Source data
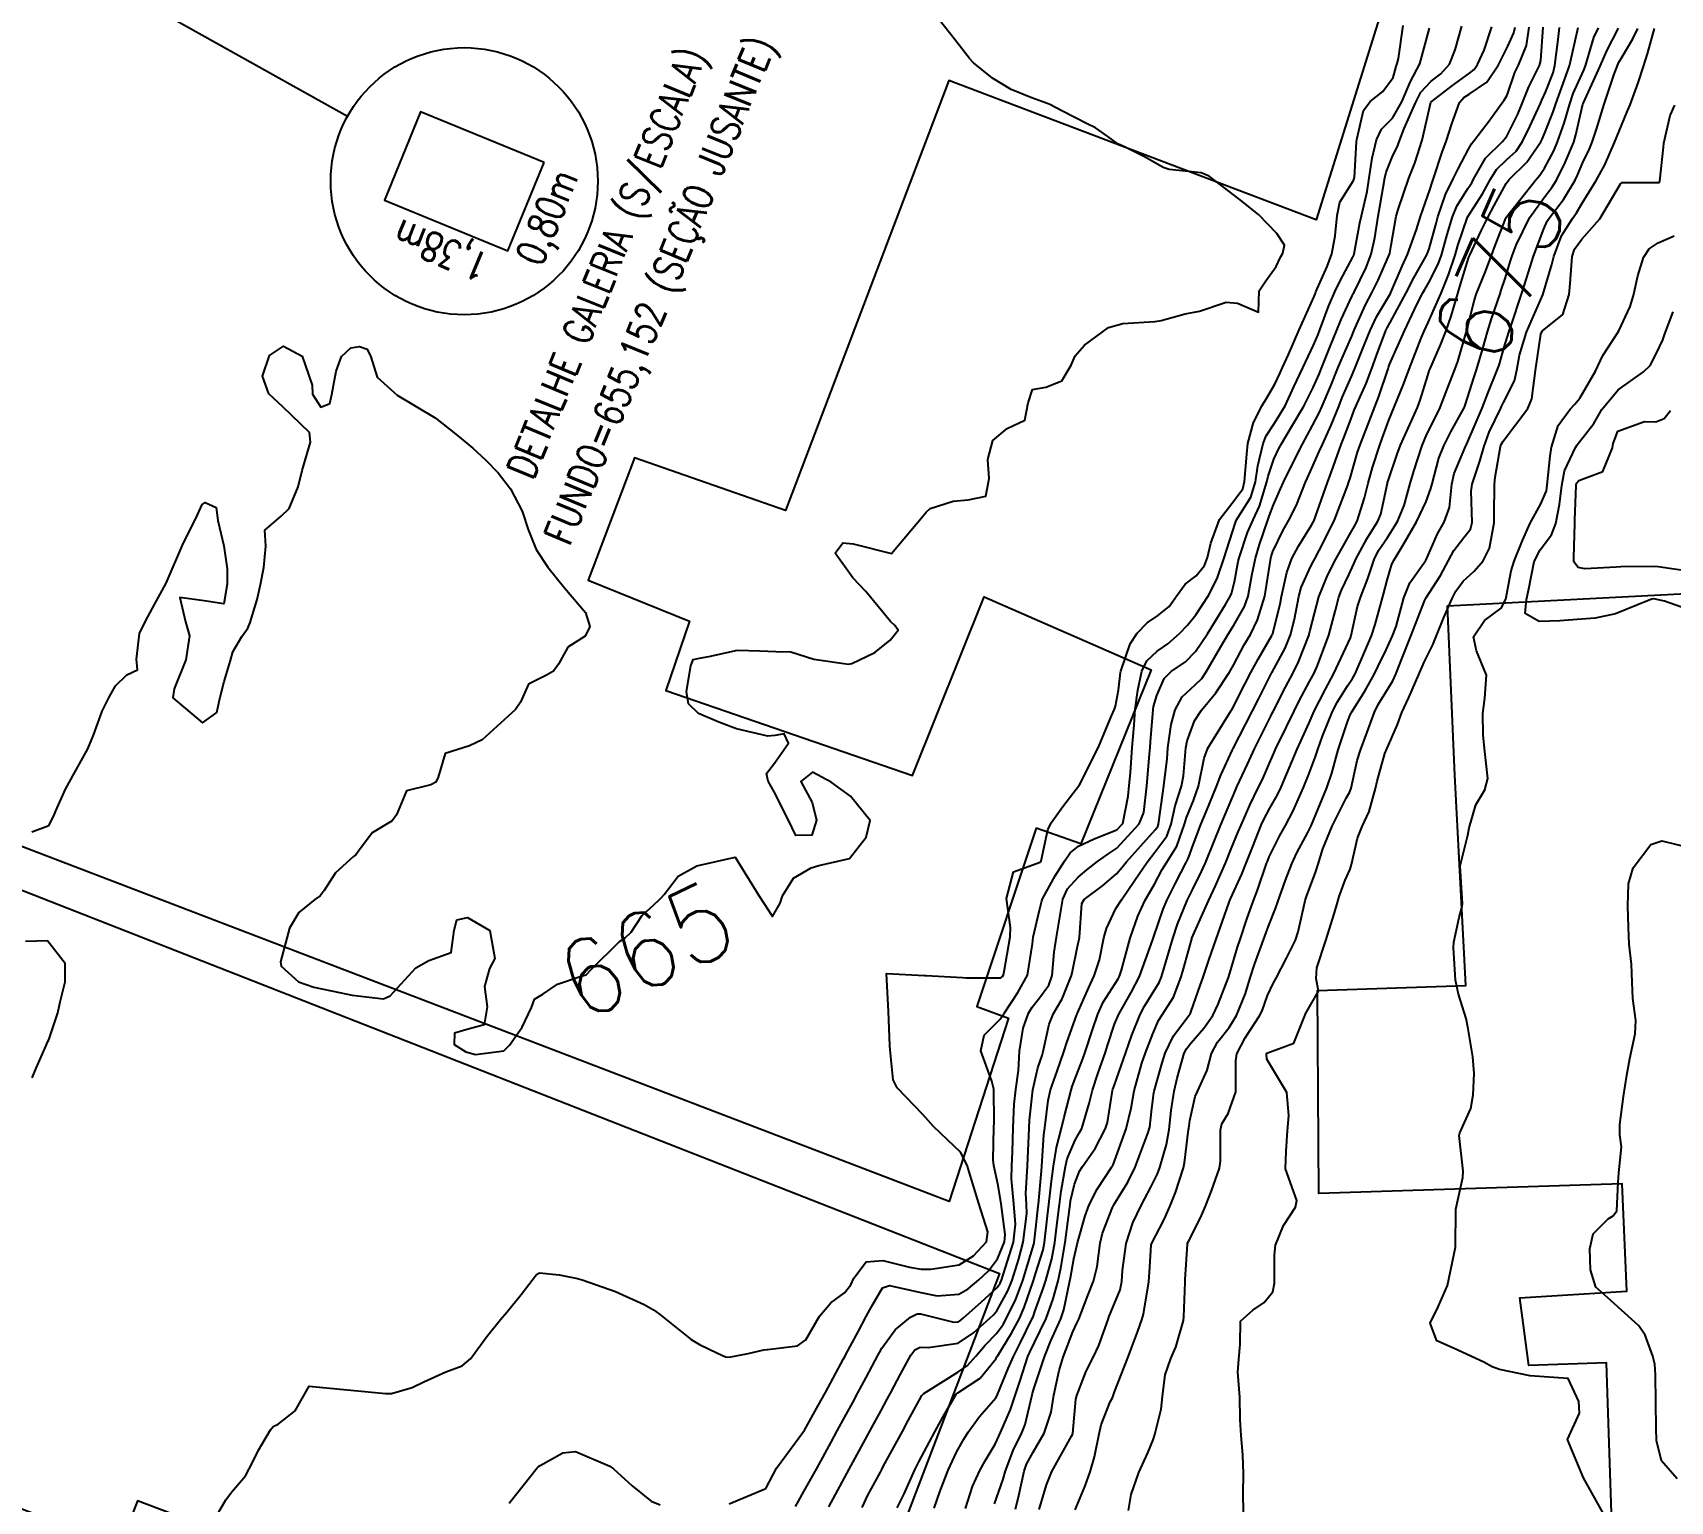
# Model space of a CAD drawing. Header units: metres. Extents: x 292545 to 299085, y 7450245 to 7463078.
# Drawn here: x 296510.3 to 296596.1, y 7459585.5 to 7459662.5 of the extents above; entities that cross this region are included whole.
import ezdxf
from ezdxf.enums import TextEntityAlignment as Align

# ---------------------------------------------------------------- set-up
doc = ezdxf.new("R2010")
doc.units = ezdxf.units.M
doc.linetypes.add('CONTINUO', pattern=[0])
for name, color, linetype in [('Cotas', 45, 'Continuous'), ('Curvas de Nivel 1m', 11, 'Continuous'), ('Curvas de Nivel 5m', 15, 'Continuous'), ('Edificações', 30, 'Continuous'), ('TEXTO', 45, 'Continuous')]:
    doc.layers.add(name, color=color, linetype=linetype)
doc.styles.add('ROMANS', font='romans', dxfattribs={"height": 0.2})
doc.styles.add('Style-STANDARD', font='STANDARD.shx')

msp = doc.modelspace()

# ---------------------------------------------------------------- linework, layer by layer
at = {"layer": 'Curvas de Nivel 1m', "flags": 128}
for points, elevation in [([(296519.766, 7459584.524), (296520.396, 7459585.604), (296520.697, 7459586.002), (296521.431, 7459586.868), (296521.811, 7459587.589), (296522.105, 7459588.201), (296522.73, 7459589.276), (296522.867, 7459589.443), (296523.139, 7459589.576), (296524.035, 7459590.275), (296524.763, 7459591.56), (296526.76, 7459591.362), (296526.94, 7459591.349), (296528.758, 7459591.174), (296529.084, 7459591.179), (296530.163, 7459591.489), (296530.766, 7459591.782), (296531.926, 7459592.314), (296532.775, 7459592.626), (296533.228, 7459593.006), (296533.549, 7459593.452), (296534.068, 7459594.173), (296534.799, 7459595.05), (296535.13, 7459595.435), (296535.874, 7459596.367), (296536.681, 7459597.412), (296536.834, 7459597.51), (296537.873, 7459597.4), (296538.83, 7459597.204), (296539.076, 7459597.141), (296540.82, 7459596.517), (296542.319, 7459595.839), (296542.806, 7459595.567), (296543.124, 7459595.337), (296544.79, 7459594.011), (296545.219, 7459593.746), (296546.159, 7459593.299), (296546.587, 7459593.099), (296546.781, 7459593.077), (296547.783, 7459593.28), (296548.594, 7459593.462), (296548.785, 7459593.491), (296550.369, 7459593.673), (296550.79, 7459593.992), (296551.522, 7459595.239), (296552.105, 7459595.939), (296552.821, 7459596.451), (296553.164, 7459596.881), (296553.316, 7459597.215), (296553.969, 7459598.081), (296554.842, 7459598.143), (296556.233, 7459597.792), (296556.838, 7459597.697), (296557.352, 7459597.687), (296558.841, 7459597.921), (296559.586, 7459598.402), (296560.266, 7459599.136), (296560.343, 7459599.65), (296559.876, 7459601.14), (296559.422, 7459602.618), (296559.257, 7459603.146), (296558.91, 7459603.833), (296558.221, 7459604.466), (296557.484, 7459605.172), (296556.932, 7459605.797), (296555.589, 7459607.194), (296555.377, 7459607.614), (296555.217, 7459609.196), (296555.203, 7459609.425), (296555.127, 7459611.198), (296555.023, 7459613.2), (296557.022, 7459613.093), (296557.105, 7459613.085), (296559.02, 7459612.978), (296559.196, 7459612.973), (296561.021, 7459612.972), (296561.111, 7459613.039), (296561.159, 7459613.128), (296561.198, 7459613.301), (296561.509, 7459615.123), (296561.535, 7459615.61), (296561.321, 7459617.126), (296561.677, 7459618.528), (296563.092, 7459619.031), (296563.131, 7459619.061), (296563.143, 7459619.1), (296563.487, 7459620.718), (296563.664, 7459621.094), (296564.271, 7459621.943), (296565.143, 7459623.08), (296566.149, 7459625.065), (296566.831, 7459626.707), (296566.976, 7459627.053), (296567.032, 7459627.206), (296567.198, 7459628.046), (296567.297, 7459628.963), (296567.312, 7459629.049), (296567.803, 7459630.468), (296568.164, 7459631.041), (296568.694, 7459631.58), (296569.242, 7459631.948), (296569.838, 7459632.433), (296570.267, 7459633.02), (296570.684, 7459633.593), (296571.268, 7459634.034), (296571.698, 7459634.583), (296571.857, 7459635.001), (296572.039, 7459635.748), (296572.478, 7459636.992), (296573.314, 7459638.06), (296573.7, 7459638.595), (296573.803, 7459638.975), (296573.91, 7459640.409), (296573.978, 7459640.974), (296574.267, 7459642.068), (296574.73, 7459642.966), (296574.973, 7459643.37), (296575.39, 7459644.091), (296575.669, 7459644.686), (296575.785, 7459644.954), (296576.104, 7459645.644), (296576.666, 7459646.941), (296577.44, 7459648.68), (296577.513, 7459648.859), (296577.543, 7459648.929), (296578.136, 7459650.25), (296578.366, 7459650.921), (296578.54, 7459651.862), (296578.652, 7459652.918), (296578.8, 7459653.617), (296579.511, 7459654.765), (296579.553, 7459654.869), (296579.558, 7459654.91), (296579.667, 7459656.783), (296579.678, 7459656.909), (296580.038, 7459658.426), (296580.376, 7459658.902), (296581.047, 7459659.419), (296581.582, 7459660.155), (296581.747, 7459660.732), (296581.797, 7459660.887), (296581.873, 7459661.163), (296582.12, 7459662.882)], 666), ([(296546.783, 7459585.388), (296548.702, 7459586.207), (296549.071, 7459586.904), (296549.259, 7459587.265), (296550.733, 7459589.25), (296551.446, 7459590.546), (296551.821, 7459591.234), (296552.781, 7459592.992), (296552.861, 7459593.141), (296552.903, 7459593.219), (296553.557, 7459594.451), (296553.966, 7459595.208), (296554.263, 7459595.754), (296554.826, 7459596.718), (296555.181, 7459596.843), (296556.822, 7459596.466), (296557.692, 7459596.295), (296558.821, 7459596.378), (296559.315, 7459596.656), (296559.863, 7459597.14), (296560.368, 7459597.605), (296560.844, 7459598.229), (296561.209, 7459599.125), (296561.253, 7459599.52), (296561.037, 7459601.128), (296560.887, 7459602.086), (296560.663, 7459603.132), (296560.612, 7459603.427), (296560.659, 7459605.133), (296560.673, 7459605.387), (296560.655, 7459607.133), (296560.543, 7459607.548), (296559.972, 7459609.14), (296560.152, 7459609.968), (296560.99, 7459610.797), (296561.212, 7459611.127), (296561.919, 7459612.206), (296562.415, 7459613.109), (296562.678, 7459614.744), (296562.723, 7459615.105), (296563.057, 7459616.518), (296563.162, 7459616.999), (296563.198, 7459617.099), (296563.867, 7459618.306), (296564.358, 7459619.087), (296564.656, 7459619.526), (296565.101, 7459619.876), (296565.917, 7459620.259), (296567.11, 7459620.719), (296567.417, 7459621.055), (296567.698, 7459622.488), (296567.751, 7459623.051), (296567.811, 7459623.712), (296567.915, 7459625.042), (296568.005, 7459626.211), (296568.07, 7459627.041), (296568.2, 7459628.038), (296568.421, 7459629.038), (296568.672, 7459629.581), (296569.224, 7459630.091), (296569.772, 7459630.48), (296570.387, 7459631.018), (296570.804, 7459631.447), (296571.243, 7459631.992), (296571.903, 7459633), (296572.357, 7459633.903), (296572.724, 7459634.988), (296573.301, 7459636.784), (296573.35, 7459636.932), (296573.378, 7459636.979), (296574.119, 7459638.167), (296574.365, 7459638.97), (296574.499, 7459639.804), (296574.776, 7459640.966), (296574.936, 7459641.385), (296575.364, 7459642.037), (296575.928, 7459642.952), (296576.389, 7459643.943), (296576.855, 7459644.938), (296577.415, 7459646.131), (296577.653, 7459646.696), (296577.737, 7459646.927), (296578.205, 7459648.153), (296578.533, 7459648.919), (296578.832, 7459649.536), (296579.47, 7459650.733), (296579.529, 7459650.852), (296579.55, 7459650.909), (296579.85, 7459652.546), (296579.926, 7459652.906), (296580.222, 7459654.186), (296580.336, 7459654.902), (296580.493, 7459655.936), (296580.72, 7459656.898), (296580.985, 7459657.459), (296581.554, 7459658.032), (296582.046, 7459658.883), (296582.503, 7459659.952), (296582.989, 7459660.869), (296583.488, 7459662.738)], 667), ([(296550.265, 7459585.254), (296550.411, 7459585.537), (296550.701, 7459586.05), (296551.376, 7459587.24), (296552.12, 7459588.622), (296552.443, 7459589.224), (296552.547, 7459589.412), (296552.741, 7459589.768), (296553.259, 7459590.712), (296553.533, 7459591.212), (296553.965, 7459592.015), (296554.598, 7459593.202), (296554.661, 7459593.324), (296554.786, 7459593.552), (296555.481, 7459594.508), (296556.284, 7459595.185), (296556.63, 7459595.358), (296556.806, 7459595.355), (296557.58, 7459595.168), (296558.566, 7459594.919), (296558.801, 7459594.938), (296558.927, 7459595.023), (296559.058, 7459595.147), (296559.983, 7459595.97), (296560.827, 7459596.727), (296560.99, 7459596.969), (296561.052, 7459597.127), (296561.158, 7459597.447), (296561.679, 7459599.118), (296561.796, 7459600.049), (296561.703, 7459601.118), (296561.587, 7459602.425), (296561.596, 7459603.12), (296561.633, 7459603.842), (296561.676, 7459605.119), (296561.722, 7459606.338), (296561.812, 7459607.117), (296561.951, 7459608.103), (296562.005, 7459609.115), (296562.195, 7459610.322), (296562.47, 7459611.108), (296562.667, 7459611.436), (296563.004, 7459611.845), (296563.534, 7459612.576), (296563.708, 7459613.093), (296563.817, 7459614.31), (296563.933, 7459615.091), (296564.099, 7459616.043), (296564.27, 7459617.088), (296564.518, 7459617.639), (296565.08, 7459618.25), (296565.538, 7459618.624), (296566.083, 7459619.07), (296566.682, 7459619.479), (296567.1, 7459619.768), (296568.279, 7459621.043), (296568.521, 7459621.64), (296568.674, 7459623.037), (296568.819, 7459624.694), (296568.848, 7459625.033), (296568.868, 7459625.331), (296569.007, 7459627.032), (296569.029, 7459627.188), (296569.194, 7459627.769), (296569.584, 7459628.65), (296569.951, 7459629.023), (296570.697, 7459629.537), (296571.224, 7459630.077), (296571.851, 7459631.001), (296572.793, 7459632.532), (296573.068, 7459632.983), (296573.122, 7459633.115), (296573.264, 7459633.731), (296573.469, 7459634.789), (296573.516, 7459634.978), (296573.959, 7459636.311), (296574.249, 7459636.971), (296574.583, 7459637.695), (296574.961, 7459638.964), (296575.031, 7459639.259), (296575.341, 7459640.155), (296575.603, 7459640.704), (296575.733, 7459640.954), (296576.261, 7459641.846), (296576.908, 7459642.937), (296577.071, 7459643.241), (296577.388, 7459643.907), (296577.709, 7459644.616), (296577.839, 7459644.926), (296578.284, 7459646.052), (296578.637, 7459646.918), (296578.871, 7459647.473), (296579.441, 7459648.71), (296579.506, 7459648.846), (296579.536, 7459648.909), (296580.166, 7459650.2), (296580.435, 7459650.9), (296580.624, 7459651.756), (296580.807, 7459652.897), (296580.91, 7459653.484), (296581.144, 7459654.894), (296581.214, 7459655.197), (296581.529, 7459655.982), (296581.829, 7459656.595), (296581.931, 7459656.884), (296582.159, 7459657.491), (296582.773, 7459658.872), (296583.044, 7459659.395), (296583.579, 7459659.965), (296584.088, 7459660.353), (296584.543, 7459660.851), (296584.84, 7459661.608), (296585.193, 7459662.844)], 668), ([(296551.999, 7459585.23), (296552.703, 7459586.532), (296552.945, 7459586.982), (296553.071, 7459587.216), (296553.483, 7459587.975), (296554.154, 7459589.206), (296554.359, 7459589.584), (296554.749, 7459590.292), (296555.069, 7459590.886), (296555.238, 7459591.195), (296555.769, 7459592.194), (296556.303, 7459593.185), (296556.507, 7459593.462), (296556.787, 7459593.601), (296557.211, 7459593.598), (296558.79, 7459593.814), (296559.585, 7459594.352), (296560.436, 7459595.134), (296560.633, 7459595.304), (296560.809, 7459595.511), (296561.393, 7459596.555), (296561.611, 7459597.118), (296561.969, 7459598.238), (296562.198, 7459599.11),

[PROBLEM REQUIREMENTS]: Which lines above hold the string "styles"? Please copy all of them.

[ANSWER FOR THIS EXERCISE]:
doc.styles.add('ROMANS', font='romans', dxfattribs={"height": 0.2})
doc.styles.add('Style-STANDARD', font='STANDARD.shx')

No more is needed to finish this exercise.